Take the data below. Output it exactly from its first line through the line containing "actuation_delay = 0.09".
[EXERCISE MATERIAL Boundary: Start]
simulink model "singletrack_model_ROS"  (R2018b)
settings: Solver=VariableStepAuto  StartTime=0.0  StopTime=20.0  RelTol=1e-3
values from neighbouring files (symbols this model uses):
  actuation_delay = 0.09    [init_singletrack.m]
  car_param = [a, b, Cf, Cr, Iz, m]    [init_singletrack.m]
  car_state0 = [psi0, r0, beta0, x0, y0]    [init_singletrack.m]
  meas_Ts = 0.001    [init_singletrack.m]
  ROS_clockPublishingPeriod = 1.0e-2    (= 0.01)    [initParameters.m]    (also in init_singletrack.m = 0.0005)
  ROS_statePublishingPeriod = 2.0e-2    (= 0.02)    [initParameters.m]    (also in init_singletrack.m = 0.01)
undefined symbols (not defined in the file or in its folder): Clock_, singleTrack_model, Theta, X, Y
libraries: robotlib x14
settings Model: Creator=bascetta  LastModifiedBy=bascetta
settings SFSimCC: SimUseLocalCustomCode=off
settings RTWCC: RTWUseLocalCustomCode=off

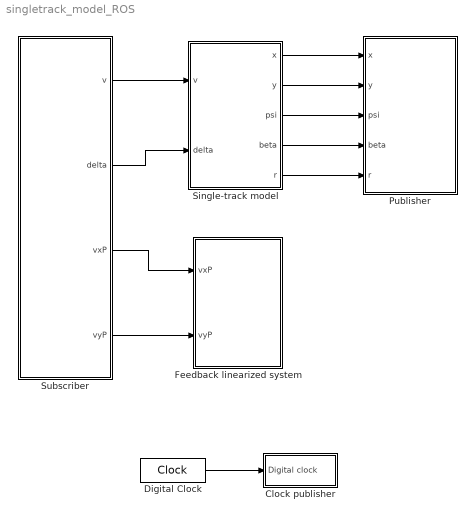
== system singletrack_model_ROS ==
  Clock publisher : Subsystem
  Digital Clock : DigitalClock  SampleTime=ROS_clockPublishingPeriod
  Feedback linearized system : Subsystem
  Publisher : Subsystem
  Single-track model : Subsystem  mask{car_parameters=car_param}
      mask prompts: car_parameters "Car parameters"
  Subscriber : Subsystem
  wires:
  Single-track model/3(psi) -> Publisher/3(psi)
  Single-track model/4(beta) -> Publisher/4(beta)
  Subscriber/1(v) -> Single-track model/1(v)
  Subscriber/2(delta) -> Single-track model/2(delta)
  Single-track model/5(r) -> Publisher/5(r)
  Single-track model/2(y) -> Publisher/2(y)
  Single-track model/1(x) -> Publisher/1(x)
  Digital Clock/1 -> Clock publisher/1(Digital clock)
  Subscriber/3(vxP) -> Feedback linearized system/1(vxP)
  Subscriber/4(vyP) -> Feedback linearized system/2(vyP)

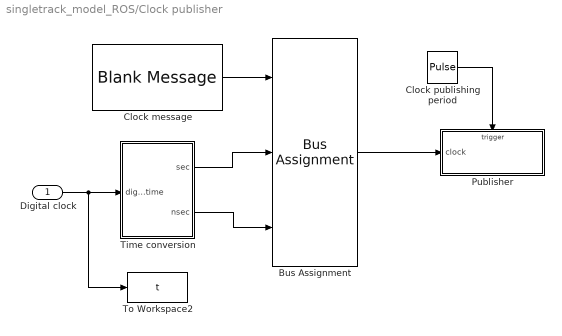
== system singletrack_model_ROS/Clock publisher ==
  Digital clock : Inport
  Bus Assignment : BusAssignment  DialogController=Simulink.DDGSource_BusAssignment  AssignedSignals=Clock_.Sec,Clock_.Nsec
  Clock message : robotlib/Blank Message  messageType=rosgraph_msgs/Clock  SampleTime=inf
      settings: SourceProductBaseCode=RO
  Clock publishing period : DiscretePulseGenerator  PulseType=Time based  Period=ROS_clockPublishingPeriod  PulseWidth=50
  Publisher : Subsystem  TreatAsAtomicUnit=on
  Time conversion : MATLAB Function  TreatAsAtomicUnit=on
  To Workspace2 : ToWorkspace  VariableName=t  SampleTime=meas_Ts
      settings: Save2DSignal=2-D array (concatenate along first dimension)
  wires:
  Clock message/1 -> Bus Assignment/1
  Bus Assignment/1 -> Publisher/1(clock)
  Time conversion/1(sec) -> Bus Assignment/2
  Time conversion/2(nsec) -> Bus Assignment/3
  Digital clock/1 -> To Workspace2/1, Time conversion/1(digital_time)
  Clock publishing period/1 -> Publisher/Trigger

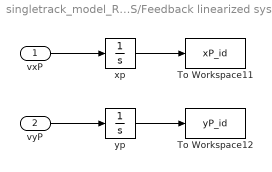
== system singletrack_model_ROS/Feedback linearized system ==
  vxP : Inport
  vyP : Inport  Port=2
  " xp " : Integrator  InitialCondition=car_state0(4)
  " yp " : Integrator  InitialCondition=car_state0(5)
  To Workspace11 : ToWorkspace  VariableName=xP_id  SampleTime=meas_Ts
      settings: Save2DSignal=2-D array (concatenate along first dimension)
  To Workspace12 : ToWorkspace  VariableName=yP_id  SampleTime=meas_Ts
      settings: Save2DSignal=2-D array (concatenate along first dimension)
  wires:
  vyP/1 -> " yp "/1
  vxP/1 -> " xp "/1
  " yp "/1 -> To Workspace12/1
  " xp "/1 -> To Workspace11/1

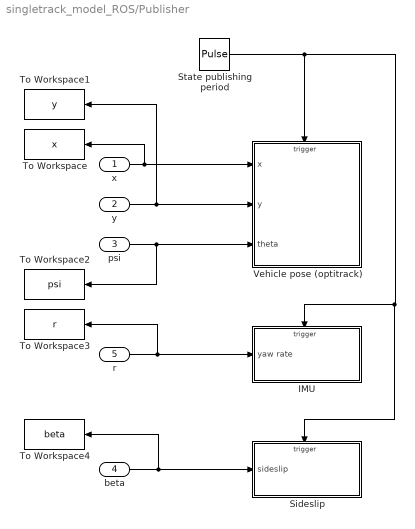
== system singletrack_model_ROS/Publisher ==
  x : Inport
  y : Inport  Port=2
  psi : Inport  Port=3
  beta : Inport  Port=4
  r : Inport  Port=5
  IMU : Subsystem  TreatAsAtomicUnit=on
  Sideslip : Subsystem  TreatAsAtomicUnit=on
  State publishing period : DiscretePulseGenerator  PulseType=Time based  Period=ROS_statePublishingPeriod  PulseWidth=50
  To Workspace : ToWorkspace  VariableName=x  SampleTime=meas_Ts
      settings: Save2DSignal=2-D array (concatenate along first dimension)
  To Workspace1 : ToWorkspace  VariableName=y  SampleTime=meas_Ts
      settings: Save2DSignal=2-D array (concatenate along first dimension)
  To Workspace2 : ToWorkspace  VariableName=psi  SampleTime=meas_Ts
      settings: Save2DSignal=2-D array (concatenate along first dimension)
  To Workspace3 : ToWorkspace  VariableName=r  SampleTime=meas_Ts
      settings: Save2DSignal=2-D array (concatenate along first dimension)
  To Workspace4 : ToWorkspace  VariableName=beta  SampleTime=meas_Ts
      settings: Save2DSignal=2-D array (concatenate along first dimension)
  Vehicle pose (optitrack) : Subsystem  TreatAsAtomicUnit=on
  wires:
  State publishing period/1 -> Sideslip/Trigger, IMU/Trigger, Vehicle pose (optitrack)/Trigger
  x/1 -> To Workspace/1, Vehicle pose (optitrack)/1(x)
  y/1 -> To Workspace1/1, Vehicle pose (optitrack)/2(y)
  psi/1 -> To Workspace2/1, Vehicle pose (optitrack)/3(theta)
  r/1 -> To Workspace3/1, IMU/1(yaw rate)
  beta/1 -> To Workspace4/1, Sideslip/1(sideslip)

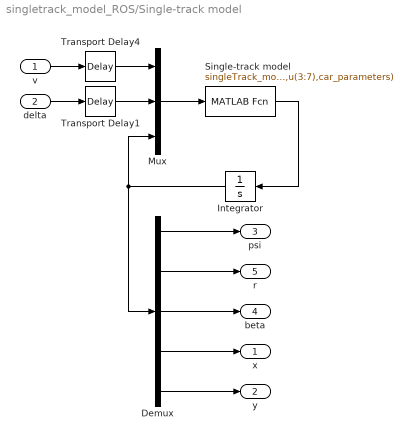
== system singletrack_model_ROS/Single-track model ==
  v : Inport
  delta : Inport  Port=2
  Demux : Demux  Outputs=5
  Integrator : Integrator  InitialCondition=car_state0
  Mux : Mux  Inputs=3
  Single-track model : MATLABFcn  MATLABFcn=singleTrack_model(u(1:2),u(3:7),car_parameters)  OutputDimensions=5
  Transport Delay1 : TransportDelay  DelayTime=actuation_delay
  Transport Delay4 : TransportDelay  DelayTime=actuation_delay
  x : Outport
  y : Outport  Port=2
  psi : Outport  Port=3
  beta : Outport  Port=4
  r : Outport  Port=5
  wires:
  Integrator/1 -> Demux/1, Mux/3
  Single-track model/1 -> Integrator/1
  delta/1 -> Transport Delay1/1
  Demux/4 -> x/1
  Mux/1 -> Single-track model/1
  Demux/5 -> y/1
  Demux/3 -> beta/1
  v/1 -> Transport Delay4/1
  Demux/2 -> r/1
  Demux/1 -> psi/1
  Transport Delay4/1 -> Mux/1
  Transport Delay1/1 -> Mux/2

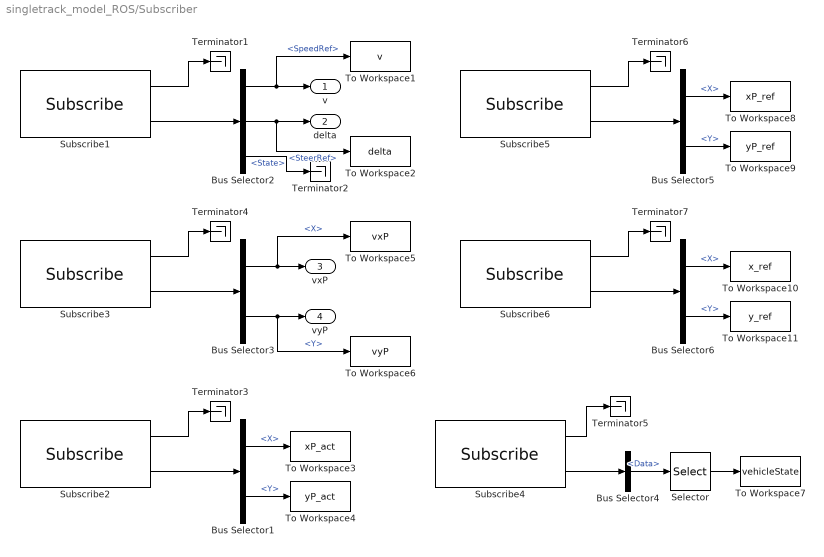
== system singletrack_model_ROS/Subscriber ==
  Bus Selector1 : BusSelector  OutputSignals=Point.X,Point.Y
  Bus Selector2 : BusSelector  OutputSignals=SpeedRef,SteerRef,State
  Bus Selector3 : BusSelector  OutputSignals=Twist.Linear.X,Twist.Linear.Y
  Bus Selector4 : BusSelector  OutputSignals=Data
  Bus Selector5 : BusSelector  OutputSignals=Point.X,Point.Y
  Bus Selector6 : BusSelector  OutputSignals=Point.X,Point.Y
  Selector : Selector  InputPortWidth=128  IndexOptions=Starting index (dialog)  Indices=1  OutputSizes=9
  Subscribe1 : robotlib/Subscribe  topicSource=Specify your own  topic=/controller_cmd  messageType=car_msgs/car_cmd  sampleTime=-1  messageQueueLength=1
      settings: SourceProductBaseCode=RO
  Subscribe2 : robotlib/Subscribe  topicSource=Specify your own  topic=/feedback_linearization/pointP_actPos  messageType=geometry_msgs/PointStamped  sampleTime=-1  messageQueueLength=1
      settings: SourceProductBaseCode=RO
  Subscribe3 : robotlib/Subscribe  topicSource=Specify your own  topic=/feedback_linearization/pointP_actVel  messageType=geometry_msgs/TwistStamped  sampleTime=-1  messageQueueLength=1
      settings: SourceProductBaseCode=RO
  Subscribe4 : robotlib/Subscribe  topicSource=Specify your own  topic=/feedback_linearization/vehicleState  messageType=std_msgs/Float64MultiArray  sampleTime=-1  messageQueueLength=1
      settings: SourceProductBaseCode=RO
  Subscribe5 : robotlib/Subscribe  topicSource=Specify your own  topic=/feedback_linearization/pointP_refPos  messageType=geometry_msgs/PointStamped  sampleTime=-1  messageQueueLength=1
      settings: SourceProductBaseCode=RO
  Subscribe6 : robotlib/Subscribe  topicSource=Specify your own  topic=/feedback_linearization/vehicle_refPos  messageType=geometry_msgs/PointStamped  sampleTime=-1  messageQueueLength=1
      settings: SourceProductBaseCode=RO
  Terminator{1..7} (7 alike) : Terminator
  To Workspace1 : ToWorkspace  VariableName=v  SampleTime=meas_Ts
      settings: Save2DSignal=2-D array (concatenate along first dimension)
  To Workspace10 : ToWorkspace  VariableName=x_ref  SampleTime=meas_Ts
      settings: Save2DSignal=2-D array (concatenate along first dimension)
  To Workspace11 : ToWorkspace  VariableName=y_ref  SampleTime=meas_Ts
      settings: Save2DSignal=2-D array (concatenate along first dimension)
  To Workspace2 : ToWorkspace  VariableName=delta  SampleTime=meas_Ts
      settings: Save2DSignal=2-D array (concatenate along first dimension)
  To Workspace3 : ToWorkspace  VariableName=xP_act  SampleTime=meas_Ts
      settings: Save2DSignal=2-D array (concatenate along first dimension)
  To Workspace4 : ToWorkspace  VariableName=yP_act  SampleTime=meas_Ts
      settings: Save2DSignal=2-D array (concatenate along first dimension)
  To Workspace5 : ToWorkspace  VariableName=vxP  SampleTime=meas_Ts
      settings: Save2DSignal=2-D array (concatenate along first dimension)
  To Workspace6 : ToWorkspace  VariableName=vyP  SampleTime=meas_Ts
      settings: Save2DSignal=2-D array (concatenate along first dimension)
  To Workspace7 : ToWorkspace  VariableName=vehicleState  SampleTime=meas_Ts
      settings: Save2DSignal=2-D array (concatenate along first dimension)
  To Workspace8 : ToWorkspace  VariableName=xP_ref  SampleTime=meas_Ts
      settings: Save2DSignal=2-D array (concatenate along first dimension)
  To Workspace9 : ToWorkspace  VariableName=yP_ref  SampleTime=meas_Ts
      settings: Save2DSignal=2-D array (concatenate along first dimension)
  v : Outport
  delta : Outport  Port=2
  vxP : Outport  Port=3
  vyP : Outport  Port=4
  wires:
  Subscribe1/1 -> Terminator1/1
  Subscribe1/2 -> Bus Selector2/1
  Bus Selector2/1 -> To Workspace1/1, v/1  "<SpeedRef>"
  Bus Selector2/2 -> To Workspace2/1, delta/1  "<SteerRef>"
  Bus Selector2/3 -> Terminator2/1  "<State>"
  Subscribe2/1 -> Terminator3/1
  Subscribe2/2 -> Bus Selector1/1
  Bus Selector1/1 -> To Workspace3/1  "<X>"
  Bus Selector1/2 -> To Workspace4/1  "<Y>"
  Bus Selector3/2 -> vyP/1, To Workspace6/1  "<Y>"
  Subscribe3/1 -> Terminator4/1
  Bus Selector3/1 -> vxP/1, To Workspace5/1  "<X>"
  Subscribe4/1 -> Terminator5/1
  Subscribe4/2 -> Bus Selector4/1
  Bus Selector4/1 -> Selector/1  "<Data>"
  Selector/1 -> To Workspace7/1
  Subscribe5/1 -> Terminator6/1
  Bus Selector5/1 -> To Workspace8/1  "<X>"
  Bus Selector5/2 -> To Workspace9/1  "<Y>"
  Subscribe5/2 -> Bus Selector5/1
  Subscribe3/2 -> Bus Selector3/1
  Subscribe6/1 -> Terminator7/1
  Bus Selector6/1 -> To Workspace10/1  "<X>"
  Bus Selector6/2 -> To Workspace11/1  "<Y>"
  Subscribe6/2 -> Bus Selector6/1

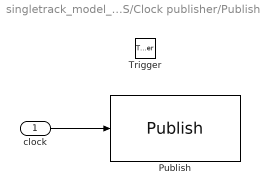
== system singletrack_model_ROS/Clock publisher/Publisher ==
  clock : Inport
  Trigger : TriggerPort  VariantControl=Variant
  Publish : robotlib/Publish  topicSource=Specify your own  topic=/clock  messageType=rosgraph_msgs/Clock  messageQueueLength=1
      settings: SourceProductBaseCode=RO
  wires:
  clock/1 -> Publish/1

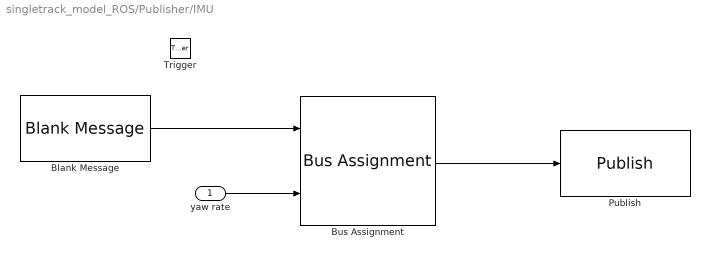
== system singletrack_model_ROS/Publisher/IMU ==
  yaw rate : Inport
  Trigger : TriggerPort  VariantControl=Variant
  Blank Message : robotlib/Blank Message  messageType=sensor_msgs/Imu  SampleTime=inf
      settings: SourceProductBaseCode=RO
  Bus Assignment : BusAssignment  DialogController=Simulink.DDGSource_BusAssignment  AssignedSignals=AngularVelocity.Z
  Publish : robotlib/Publish  topicSource=Specify your own  topic=/imu/data  messageType=sensor_msgs/Imu  messageQueueLength=1
      settings: SourceProductBaseCode=RO
  wires:
  Blank Message/1 -> Bus Assignment/1
  Bus Assignment/1 -> Publish/1
  yaw rate/1 -> Bus Assignment/2

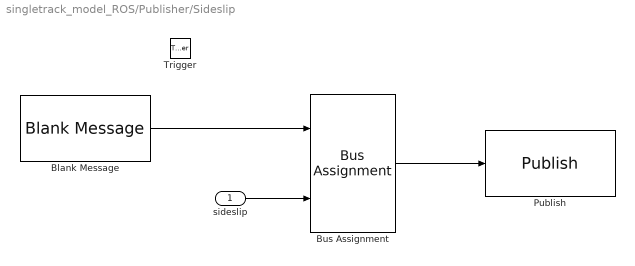
== system singletrack_model_ROS/Publisher/Sideslip ==
  sideslip : Inport
  Trigger : TriggerPort  VariantControl=Variant
  Blank Message : robotlib/Blank Message  messageType=std_msgs/Float64  SampleTime=inf
      settings: SourceProductBaseCode=RO
  Bus Assignment : BusAssignment  DialogController=Simulink.DDGSource_BusAssignment  AssignedSignals=Data
  Publish : robotlib/Publish  topicSource=Specify your own  topic=/car_simulator/sideslip  messageType=std_msgs/Float64  messageQueueLength=1
      settings: SourceProductBaseCode=RO
  wires:
  Blank Message/1 -> Bus Assignment/1
  Bus Assignment/1 -> Publish/1
  sideslip/1 -> Bus Assignment/2

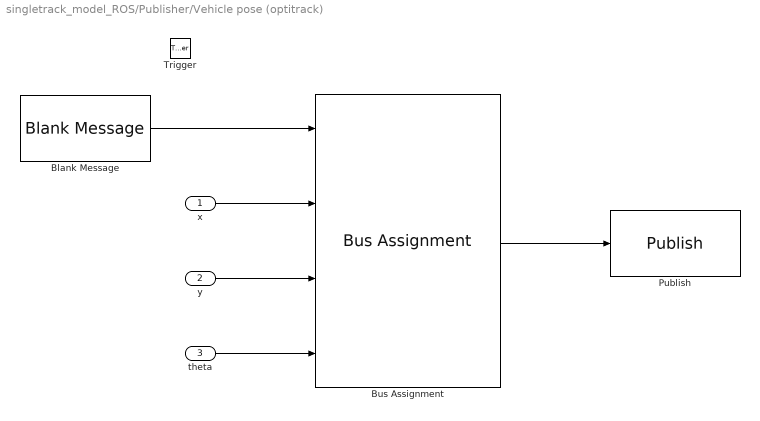
== system singletrack_model_ROS/Publisher/Vehicle pose (optitrack) ==
  x : Inport
  y : Inport  Port=2
  theta : Inport  Port=3
  Trigger : TriggerPort  VariantControl=Variant
  Blank Message : robotlib/Blank Message  messageType=geometry_msgs/Pose2D  SampleTime=inf
      settings: SourceProductBaseCode=RO
  Bus Assignment : BusAssignment  DialogController=Simulink.DDGSource_BusAssignment  AssignedSignals=X,Y,Theta
  Publish : robotlib/Publish  topicSource=Specify your own  topic=/car/ground_pose  messageType=geometry_msgs/Pose2D  messageQueueLength=1
      settings: SourceProductBaseCode=RO
  wires:
  Blank Message/1 -> Bus Assignment/1
  Bus Assignment/1 -> Publish/1
  x/1 -> Bus Assignment/2
  y/1 -> Bus Assignment/3
  theta/1 -> Bus Assignment/4

== matlab function singletrack_model_ROS/Clock publisher/Time conversion ==
  data: digital_time input; sec output; nsec output
function [sec,nsec] = time2rosclock(digital_time)

sec = floor(digital_time);
nsec = round((digital_time-sec)*1.0e+9);
[EXERCISE MATERIAL Boundary: End]
(ANSWER SECTION):
simulink model "singletrack_model_ROS"  (R2018b)
settings: Solver=VariableStepAuto  StartTime=0.0  StopTime=20.0  RelTol=1e-3
values from neighbouring files (symbols this model uses):
  actuation_delay = 0.09    [init_singletrack.m]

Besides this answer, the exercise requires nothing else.